Since the house floor is 1 m above ground level, the space below the ground beams is filled with bricks

----------


## pominasia

Mixing concrete.

----------


## pominasia

Placing concrete

----------


## pominasia

Stripping formwork.  These are columns form the external stairs

----------


## pominasia

Sand infill for the floor slab.  This the first layer.

----------


## pominasia

Ground beam corner detail

----------


## pominasia

Preparing the timber from the old house

----------


## DrAndy

> Is there no-way you could have designed the house without that column in the middle of the living room?

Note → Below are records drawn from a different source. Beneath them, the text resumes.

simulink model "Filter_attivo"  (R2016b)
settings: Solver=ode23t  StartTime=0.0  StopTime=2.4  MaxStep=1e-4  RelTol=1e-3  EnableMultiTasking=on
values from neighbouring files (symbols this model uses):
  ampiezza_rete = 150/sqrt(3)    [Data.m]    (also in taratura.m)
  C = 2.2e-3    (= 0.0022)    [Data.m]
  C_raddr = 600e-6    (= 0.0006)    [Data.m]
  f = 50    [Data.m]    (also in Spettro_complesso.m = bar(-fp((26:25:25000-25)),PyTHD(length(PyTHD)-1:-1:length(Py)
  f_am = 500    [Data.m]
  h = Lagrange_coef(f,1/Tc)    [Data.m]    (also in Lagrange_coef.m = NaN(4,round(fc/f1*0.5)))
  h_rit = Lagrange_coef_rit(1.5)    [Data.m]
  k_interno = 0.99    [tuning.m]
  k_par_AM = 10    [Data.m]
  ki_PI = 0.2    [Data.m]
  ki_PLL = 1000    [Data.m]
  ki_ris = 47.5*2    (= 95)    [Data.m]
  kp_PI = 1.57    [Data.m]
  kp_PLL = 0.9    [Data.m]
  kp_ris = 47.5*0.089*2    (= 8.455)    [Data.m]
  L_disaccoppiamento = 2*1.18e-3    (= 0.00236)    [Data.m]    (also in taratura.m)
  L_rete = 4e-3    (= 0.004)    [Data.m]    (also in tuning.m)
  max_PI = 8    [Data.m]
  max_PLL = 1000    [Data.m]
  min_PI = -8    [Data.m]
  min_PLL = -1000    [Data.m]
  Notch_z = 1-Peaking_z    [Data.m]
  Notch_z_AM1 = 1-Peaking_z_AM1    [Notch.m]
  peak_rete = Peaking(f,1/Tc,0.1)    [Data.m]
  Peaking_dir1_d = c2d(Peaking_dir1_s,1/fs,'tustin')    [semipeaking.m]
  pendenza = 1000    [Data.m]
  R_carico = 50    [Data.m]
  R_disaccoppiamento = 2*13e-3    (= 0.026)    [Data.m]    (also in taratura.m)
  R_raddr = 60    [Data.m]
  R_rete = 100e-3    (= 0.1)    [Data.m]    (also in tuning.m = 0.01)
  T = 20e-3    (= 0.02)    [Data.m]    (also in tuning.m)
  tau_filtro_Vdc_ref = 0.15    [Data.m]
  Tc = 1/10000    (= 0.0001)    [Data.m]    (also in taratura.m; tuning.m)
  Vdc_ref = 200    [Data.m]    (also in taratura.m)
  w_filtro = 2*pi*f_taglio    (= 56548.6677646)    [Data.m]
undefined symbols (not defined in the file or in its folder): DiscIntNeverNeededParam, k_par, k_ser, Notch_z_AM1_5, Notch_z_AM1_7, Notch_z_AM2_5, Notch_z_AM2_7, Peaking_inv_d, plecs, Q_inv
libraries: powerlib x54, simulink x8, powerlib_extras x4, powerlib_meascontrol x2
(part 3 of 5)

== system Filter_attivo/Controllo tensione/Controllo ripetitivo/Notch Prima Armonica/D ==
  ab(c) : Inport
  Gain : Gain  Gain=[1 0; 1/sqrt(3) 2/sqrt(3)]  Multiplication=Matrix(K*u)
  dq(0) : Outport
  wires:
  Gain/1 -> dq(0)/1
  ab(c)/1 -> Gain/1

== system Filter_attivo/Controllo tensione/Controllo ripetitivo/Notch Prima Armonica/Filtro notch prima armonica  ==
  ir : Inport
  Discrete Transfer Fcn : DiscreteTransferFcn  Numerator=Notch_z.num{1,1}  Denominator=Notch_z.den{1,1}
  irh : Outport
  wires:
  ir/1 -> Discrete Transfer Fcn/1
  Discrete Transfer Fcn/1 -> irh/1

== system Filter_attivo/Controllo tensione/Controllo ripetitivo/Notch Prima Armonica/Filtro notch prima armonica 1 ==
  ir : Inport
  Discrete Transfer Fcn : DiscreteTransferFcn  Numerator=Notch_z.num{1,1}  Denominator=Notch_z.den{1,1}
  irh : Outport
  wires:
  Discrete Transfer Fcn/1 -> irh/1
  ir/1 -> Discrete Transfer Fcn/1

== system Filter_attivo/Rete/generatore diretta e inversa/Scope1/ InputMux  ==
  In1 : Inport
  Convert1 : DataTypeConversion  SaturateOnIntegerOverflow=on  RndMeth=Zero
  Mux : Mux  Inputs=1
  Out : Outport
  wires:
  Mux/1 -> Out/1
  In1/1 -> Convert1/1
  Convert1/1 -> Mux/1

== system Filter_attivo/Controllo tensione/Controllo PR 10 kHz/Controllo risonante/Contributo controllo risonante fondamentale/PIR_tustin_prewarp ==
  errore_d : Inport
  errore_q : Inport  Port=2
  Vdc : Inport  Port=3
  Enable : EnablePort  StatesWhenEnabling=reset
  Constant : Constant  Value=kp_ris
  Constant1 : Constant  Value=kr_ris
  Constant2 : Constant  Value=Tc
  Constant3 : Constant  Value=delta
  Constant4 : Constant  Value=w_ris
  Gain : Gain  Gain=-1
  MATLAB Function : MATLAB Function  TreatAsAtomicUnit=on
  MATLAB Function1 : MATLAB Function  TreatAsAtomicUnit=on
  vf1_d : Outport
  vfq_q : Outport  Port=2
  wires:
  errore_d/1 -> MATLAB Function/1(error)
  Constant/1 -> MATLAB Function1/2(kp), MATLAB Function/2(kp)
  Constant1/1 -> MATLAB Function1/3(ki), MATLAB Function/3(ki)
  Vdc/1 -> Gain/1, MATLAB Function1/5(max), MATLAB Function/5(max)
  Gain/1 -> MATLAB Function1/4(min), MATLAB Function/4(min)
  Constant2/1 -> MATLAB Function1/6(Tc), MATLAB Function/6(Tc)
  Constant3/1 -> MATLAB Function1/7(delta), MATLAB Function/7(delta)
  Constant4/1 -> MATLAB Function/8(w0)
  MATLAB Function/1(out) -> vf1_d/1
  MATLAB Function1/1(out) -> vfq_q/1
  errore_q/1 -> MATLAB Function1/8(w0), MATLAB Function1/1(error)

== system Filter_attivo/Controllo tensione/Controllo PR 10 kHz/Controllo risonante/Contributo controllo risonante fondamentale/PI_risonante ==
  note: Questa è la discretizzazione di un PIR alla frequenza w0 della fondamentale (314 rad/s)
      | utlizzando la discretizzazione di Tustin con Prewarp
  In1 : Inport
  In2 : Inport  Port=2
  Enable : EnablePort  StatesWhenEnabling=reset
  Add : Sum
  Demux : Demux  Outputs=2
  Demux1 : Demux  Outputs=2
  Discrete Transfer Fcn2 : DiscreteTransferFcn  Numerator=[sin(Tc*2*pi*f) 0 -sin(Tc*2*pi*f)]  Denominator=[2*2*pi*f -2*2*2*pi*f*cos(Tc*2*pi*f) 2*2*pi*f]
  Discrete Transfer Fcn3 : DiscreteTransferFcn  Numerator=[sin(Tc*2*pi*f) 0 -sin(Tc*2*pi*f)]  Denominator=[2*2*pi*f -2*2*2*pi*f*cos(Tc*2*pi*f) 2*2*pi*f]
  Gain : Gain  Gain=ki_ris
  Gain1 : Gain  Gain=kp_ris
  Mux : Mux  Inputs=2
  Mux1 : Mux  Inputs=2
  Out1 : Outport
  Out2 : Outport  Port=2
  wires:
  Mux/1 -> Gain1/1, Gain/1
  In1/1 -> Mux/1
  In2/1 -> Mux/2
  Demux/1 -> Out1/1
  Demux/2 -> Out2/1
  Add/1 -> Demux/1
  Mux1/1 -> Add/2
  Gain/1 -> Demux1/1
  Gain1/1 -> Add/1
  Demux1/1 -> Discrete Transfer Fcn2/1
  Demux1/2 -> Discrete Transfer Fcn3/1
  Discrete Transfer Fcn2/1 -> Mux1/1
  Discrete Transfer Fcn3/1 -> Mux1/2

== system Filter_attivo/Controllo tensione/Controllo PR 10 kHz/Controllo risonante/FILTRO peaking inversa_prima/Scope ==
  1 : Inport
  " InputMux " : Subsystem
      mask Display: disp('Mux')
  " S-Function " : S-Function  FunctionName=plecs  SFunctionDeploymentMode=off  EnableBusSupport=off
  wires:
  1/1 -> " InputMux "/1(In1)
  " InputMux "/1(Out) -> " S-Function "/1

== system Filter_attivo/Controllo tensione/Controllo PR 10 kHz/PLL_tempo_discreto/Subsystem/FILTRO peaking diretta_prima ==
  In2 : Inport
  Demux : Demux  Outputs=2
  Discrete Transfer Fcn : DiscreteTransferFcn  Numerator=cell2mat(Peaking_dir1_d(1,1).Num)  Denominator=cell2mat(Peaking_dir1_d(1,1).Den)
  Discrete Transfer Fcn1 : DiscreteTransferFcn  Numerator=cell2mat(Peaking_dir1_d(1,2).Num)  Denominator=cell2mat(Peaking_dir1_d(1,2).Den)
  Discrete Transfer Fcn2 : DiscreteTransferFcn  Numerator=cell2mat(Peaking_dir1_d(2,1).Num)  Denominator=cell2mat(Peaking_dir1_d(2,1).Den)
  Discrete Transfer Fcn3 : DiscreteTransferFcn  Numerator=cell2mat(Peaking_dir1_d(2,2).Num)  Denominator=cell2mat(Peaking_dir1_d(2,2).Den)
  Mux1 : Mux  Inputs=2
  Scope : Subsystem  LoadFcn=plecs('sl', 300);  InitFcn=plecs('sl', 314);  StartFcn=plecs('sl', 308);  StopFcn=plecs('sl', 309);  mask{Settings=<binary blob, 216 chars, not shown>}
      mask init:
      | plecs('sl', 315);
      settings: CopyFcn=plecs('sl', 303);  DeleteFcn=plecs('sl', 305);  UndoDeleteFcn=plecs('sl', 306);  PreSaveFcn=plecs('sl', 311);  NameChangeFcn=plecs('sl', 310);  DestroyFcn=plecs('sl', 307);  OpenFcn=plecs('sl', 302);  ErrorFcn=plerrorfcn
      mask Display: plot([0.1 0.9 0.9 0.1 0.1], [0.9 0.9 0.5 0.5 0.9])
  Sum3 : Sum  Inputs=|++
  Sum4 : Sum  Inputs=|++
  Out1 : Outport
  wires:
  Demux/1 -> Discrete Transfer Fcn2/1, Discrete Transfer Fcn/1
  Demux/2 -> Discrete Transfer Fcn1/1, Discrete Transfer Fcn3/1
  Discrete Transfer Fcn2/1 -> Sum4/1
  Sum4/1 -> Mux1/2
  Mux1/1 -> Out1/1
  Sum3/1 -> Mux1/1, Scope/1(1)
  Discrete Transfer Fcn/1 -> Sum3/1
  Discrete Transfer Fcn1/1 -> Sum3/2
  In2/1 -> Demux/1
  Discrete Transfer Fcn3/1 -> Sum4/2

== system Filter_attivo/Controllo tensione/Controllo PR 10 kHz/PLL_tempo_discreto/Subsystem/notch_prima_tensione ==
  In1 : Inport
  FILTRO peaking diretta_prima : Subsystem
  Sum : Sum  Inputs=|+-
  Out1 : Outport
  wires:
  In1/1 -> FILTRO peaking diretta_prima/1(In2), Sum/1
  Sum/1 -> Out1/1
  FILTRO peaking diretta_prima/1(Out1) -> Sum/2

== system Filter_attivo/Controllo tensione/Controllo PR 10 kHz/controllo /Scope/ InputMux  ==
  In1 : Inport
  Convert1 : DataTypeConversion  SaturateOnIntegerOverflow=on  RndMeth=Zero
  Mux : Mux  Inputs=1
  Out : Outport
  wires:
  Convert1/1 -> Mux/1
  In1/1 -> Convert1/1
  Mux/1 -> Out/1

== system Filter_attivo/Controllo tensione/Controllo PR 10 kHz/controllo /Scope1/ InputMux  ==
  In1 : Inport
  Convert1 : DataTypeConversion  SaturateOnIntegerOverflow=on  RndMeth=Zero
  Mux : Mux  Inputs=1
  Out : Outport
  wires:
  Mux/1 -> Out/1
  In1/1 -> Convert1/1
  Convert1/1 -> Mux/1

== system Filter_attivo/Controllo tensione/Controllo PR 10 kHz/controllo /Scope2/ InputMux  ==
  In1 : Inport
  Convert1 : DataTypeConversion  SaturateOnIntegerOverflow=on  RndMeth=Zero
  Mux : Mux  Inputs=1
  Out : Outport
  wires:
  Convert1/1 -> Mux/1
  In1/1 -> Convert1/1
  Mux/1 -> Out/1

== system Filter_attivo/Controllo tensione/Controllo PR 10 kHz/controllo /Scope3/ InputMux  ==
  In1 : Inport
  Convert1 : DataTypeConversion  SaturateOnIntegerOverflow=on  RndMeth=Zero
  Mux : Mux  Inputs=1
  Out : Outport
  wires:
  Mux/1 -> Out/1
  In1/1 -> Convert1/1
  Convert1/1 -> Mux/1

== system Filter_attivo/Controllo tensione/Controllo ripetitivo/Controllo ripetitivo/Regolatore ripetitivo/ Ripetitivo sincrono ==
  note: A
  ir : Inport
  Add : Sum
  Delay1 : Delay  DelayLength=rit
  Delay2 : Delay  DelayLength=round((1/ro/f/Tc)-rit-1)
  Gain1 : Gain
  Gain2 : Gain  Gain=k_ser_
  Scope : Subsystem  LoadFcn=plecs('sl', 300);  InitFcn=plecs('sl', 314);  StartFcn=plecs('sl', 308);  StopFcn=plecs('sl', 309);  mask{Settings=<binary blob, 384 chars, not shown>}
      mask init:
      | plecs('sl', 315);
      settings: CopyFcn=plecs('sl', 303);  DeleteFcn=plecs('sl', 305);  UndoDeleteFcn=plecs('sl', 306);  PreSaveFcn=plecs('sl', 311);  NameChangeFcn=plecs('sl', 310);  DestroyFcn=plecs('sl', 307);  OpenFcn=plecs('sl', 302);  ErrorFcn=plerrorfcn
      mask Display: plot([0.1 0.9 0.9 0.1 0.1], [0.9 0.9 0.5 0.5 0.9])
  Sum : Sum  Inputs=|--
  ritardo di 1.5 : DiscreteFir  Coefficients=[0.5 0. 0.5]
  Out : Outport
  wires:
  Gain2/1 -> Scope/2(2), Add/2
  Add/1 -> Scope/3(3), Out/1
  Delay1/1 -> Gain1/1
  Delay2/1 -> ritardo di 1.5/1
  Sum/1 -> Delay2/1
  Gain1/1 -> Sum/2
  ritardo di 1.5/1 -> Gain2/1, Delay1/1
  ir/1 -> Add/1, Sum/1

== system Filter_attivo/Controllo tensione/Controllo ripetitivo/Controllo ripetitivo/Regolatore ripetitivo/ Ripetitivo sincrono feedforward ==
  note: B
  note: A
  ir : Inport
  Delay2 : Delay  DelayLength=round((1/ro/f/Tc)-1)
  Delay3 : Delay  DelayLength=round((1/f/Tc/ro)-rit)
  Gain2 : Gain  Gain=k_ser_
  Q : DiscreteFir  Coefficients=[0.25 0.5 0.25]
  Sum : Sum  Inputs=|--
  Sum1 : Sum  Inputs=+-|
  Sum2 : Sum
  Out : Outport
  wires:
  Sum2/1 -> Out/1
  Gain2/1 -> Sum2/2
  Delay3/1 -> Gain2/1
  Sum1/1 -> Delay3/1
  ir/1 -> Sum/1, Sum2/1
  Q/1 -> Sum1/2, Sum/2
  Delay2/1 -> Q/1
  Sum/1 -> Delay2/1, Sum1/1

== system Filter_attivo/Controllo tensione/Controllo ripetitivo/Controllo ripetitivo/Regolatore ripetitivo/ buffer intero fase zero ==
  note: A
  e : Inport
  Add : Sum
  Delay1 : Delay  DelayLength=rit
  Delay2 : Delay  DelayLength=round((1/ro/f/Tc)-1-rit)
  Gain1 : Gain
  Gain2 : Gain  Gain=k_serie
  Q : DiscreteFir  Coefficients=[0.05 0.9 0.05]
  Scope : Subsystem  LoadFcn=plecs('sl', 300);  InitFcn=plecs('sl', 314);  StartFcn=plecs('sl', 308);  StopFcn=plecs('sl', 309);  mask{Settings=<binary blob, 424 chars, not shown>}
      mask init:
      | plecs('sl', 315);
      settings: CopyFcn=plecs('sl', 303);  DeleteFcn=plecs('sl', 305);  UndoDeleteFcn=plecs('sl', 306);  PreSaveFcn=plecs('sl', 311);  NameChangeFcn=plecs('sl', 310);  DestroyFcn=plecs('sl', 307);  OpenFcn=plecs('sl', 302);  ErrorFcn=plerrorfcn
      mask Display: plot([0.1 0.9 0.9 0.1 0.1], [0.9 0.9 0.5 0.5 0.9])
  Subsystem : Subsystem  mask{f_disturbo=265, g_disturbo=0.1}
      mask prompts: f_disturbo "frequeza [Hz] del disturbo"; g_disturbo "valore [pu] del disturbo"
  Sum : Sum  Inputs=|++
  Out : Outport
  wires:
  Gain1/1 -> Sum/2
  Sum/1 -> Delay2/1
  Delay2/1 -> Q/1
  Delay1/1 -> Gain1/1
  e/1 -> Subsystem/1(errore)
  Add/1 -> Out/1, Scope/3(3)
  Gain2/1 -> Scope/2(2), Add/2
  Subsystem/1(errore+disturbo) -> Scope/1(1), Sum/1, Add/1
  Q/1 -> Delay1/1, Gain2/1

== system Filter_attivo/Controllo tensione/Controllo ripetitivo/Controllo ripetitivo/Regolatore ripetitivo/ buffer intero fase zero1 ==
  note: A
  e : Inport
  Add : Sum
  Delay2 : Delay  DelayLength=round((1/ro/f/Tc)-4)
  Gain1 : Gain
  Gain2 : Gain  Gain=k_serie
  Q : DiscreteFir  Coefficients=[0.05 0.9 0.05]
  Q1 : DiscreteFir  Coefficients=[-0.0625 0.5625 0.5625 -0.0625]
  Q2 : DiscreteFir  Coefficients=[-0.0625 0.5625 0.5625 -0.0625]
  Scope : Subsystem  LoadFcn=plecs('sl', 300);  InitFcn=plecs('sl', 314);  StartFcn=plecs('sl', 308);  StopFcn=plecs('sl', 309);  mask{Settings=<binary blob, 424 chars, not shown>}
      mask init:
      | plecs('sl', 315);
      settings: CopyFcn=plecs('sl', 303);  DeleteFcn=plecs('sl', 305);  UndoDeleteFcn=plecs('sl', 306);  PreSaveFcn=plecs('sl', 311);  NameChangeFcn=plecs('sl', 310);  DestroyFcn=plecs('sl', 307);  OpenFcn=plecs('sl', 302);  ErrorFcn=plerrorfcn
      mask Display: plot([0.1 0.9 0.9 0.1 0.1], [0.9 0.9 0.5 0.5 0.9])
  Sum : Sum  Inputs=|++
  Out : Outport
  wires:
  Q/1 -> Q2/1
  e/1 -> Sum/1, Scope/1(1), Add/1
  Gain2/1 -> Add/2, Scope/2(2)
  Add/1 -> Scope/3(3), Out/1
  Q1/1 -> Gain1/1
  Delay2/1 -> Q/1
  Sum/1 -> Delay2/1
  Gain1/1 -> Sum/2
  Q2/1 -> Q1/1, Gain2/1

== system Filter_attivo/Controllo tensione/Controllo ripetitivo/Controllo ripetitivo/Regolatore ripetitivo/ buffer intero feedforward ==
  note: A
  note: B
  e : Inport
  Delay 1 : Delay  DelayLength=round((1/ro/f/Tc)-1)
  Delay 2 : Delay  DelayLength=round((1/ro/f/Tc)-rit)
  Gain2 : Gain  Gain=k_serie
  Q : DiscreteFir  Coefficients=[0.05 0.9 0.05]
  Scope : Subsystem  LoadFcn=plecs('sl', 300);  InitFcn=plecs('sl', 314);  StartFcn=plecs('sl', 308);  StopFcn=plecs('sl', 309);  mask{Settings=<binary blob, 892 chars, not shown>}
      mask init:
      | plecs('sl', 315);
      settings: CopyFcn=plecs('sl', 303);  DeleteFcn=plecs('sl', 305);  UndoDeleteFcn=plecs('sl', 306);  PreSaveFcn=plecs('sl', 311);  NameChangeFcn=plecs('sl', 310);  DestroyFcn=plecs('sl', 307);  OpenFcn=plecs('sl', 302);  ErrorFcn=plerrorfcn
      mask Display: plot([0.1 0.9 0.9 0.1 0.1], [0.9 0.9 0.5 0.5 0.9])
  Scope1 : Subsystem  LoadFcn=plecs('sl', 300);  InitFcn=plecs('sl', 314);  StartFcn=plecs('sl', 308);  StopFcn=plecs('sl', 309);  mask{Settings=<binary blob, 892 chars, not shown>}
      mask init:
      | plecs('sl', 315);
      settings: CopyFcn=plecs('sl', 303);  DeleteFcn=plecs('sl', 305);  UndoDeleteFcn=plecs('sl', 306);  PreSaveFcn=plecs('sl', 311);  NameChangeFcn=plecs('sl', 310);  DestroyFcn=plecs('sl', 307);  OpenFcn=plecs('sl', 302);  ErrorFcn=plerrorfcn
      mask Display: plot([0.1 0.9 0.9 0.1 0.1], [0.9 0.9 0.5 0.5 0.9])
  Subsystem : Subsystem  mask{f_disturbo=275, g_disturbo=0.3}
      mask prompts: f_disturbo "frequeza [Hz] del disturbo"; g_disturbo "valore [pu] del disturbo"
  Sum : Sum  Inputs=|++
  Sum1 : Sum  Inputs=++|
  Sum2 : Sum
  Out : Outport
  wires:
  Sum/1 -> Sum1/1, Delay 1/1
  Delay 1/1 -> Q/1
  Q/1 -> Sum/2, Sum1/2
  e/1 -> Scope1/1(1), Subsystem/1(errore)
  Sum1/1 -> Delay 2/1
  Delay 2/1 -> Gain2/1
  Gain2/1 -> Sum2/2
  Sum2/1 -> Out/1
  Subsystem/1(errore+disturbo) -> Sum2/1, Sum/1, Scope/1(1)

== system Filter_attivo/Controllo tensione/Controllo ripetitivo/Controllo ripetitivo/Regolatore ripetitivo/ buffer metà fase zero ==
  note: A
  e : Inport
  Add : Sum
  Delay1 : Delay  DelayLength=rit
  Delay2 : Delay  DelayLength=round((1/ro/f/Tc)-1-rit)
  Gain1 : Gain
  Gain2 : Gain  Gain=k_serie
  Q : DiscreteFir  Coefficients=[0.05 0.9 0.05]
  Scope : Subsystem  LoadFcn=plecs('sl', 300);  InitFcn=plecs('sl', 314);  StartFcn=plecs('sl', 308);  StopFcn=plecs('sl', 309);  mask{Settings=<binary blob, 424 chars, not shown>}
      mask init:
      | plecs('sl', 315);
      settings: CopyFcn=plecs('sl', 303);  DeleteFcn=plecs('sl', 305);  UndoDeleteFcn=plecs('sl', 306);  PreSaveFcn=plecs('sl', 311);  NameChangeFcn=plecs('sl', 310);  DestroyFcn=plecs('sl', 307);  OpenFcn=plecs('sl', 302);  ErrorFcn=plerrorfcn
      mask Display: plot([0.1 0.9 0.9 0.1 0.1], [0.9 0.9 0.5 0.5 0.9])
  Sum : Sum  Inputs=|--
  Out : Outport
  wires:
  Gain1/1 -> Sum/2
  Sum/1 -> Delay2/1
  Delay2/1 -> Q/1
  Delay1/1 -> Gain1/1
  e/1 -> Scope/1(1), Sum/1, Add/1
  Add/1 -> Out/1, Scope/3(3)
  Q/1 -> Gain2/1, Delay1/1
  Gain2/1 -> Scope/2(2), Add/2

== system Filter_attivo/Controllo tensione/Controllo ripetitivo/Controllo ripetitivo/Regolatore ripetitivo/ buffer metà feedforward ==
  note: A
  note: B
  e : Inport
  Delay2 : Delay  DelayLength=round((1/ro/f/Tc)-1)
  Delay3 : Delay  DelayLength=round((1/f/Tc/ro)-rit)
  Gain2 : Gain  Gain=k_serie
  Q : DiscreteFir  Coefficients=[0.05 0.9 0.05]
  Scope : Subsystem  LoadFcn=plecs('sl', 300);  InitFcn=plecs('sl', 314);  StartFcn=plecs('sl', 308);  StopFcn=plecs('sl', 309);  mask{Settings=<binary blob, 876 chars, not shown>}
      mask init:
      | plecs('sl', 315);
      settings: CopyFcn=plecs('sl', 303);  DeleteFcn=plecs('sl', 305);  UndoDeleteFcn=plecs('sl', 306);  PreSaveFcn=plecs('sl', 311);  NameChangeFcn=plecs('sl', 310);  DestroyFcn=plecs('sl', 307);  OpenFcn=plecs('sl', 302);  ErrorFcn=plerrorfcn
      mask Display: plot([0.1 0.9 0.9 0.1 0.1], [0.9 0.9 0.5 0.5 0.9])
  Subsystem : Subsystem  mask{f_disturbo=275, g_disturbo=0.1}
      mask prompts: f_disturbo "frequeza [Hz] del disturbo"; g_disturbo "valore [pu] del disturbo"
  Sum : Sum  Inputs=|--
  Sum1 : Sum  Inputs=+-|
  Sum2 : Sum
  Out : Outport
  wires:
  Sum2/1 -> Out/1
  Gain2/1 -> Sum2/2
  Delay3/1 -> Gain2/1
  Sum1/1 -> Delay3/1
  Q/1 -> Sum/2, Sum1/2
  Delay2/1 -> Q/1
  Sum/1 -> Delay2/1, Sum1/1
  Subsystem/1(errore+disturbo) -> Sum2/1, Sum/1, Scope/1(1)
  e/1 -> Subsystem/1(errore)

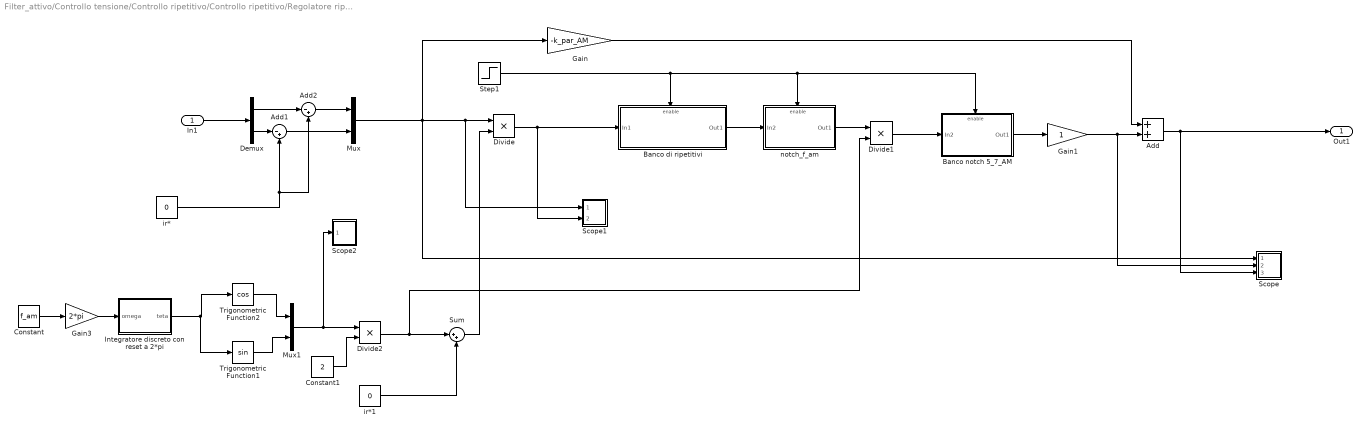
== system Filter_attivo/Controllo tensione/Controllo ripetitivo/Controllo ripetitivo/Regolatore ripetitivo/Ripetitivo Modulazione AM ==
  In1 : Inport
  Add : Sum
  Add1 : Sum  Inputs=|-+
  Add2 : Sum  Inputs=|-+
  Banco di ripetitivi : Subsystem
  Banco notch 5_7_AM : Subsystem
  Constant : Constant  Value=f_am
  Constant1 : Constant  Value=2
  Demux : Demux  Outputs=2
  Divide : Product  Inputs=**
  Divide1 : Product  Inputs=**
  Divide2 : Product  Inputs=**
  Gain : Gain  Gain=-k_par_AM
  Gain1 : Gain
  Gain3 : Gain  Gain=2*pi
  Integratore discreto con reset a 2*pi : Subsystem
  Mux : Mux  Inputs=2
  Mux1 : Mux  Inputs=2
  Scope : Subsystem  LoadFcn=plecs('sl', 300);  InitFcn=plecs('sl', 314);  StartFcn=plecs('sl', 308);  StopFcn=plecs('sl', 309);  mask{Settings=<binary blob, 424 chars, not shown>}
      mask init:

of course he could, by using a massive concrete beam across or a steel girder

----------


## nivram

Very interesting post. I also plan to live in the Tak area in the near future as I have a G/F there. Maybe we will meet up somewhere sometime.

----------


## Abundanceman

> This weekend we have the Tam Boon for our New Village House in Tak Province.   
> 
> I have been a lurker on TD, CTH and TV getting useful ideas and information, and feel I should repay by describing our experiences in building the house.  Since the work is complete, I propose to post pictures, with explanations, of the various stages.  It has taken a fair bit of time working out how to post pictures, but I think I know how now.  Since I will be posting from work, postings will depend on time available.
> 
> I am in full-time employment in Bangkok and my wife (the Manager) has been supervising the work.  I designed the house, but the Manager and Builder took the final decisions.  So it was a very off-hands input from me.  I would have phonecalls asking for decisions, not always knowing the full story.
> 
> The reason for the new house was that since my wife inherited the old family wooden house after her mother died, it has been deteriorating.  To save the wood it was decided to build A New Village House of brick and timber - using as much as we could of the timber from the old house.  The house is on half a rai owned by my wife.  The rai plot is shared with her sister who has her own house there.  I guess when I retire we will share time in our house in Bangkok and in the village.
> 
> The arrangement with the Builder is that we buy all materials, and only pay him for labour.  The Manager has kept detailed records of all expenditure, and when I get the items translated into English and onto a spreadsheet, will be able to give actual costs, and the time for construction.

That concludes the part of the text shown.